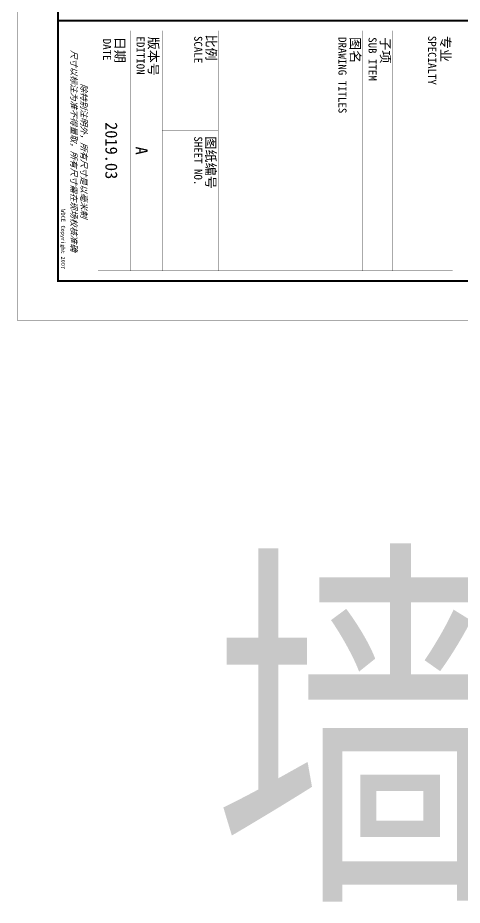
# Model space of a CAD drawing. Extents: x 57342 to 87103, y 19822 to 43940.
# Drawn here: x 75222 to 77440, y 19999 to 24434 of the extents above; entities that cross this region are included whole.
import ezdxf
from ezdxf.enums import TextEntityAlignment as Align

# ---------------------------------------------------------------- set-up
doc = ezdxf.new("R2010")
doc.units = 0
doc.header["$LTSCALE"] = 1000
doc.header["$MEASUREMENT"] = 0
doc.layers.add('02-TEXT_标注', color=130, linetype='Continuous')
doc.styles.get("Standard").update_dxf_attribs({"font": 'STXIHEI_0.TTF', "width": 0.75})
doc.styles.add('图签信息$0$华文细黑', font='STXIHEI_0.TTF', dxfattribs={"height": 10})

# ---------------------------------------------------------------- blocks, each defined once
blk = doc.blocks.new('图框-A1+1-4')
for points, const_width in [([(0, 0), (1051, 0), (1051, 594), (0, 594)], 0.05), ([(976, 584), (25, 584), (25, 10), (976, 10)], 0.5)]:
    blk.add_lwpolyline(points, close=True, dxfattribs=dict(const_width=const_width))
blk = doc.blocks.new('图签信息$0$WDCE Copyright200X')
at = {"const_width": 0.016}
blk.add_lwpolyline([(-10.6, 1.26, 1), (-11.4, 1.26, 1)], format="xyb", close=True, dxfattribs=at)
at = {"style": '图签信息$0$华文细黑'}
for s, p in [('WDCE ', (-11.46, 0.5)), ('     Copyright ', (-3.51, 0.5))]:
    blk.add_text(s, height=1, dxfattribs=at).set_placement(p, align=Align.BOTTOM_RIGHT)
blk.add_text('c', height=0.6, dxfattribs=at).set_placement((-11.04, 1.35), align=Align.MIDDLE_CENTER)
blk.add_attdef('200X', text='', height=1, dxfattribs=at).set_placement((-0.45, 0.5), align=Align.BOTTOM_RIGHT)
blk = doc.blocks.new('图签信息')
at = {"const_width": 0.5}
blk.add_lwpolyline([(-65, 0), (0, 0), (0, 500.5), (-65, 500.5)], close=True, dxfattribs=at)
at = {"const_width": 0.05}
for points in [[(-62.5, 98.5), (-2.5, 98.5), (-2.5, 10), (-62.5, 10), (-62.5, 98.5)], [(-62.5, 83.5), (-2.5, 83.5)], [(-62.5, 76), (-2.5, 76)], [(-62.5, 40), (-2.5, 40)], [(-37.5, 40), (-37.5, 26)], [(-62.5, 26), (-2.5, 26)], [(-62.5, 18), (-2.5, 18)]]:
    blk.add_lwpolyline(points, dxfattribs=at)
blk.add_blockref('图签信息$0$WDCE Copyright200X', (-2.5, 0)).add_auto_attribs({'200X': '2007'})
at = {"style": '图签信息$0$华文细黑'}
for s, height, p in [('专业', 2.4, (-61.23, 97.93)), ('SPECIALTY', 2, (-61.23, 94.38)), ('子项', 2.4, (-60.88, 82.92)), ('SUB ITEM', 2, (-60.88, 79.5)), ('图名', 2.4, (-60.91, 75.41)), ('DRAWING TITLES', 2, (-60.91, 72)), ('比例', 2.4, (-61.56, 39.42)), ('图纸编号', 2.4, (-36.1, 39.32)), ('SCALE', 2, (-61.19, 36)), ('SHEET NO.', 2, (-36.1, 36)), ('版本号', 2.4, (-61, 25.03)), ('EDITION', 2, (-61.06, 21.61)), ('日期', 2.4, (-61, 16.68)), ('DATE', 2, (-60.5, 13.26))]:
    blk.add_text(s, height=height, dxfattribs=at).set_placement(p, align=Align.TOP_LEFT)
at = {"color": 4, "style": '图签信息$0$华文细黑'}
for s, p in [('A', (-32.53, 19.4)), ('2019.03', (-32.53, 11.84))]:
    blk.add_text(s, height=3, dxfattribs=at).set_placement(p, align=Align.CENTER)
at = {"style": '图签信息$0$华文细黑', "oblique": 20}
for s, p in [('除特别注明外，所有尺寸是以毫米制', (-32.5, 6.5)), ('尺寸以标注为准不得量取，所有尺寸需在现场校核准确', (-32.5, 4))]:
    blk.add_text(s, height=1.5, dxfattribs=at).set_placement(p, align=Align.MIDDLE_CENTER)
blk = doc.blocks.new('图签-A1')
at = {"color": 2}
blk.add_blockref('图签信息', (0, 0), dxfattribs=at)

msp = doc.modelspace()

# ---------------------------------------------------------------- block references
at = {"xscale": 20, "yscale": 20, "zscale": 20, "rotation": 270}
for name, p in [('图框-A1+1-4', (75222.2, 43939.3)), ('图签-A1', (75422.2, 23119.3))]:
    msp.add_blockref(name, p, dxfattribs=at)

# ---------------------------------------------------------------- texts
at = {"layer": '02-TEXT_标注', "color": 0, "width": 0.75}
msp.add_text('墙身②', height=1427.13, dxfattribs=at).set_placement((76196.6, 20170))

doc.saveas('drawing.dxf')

TASK TO COMPLETE: In the entries above, copy each line that contains the string "styles".

THE ANSWER:
doc.styles.get("Standard").update_dxf_attribs({"font": 'STXIHEI_0.TTF', "width": 0.75})
doc.styles.add('图签信息$0$华文细黑', font='STXIHEI_0.TTF', dxfattribs={"height": 10})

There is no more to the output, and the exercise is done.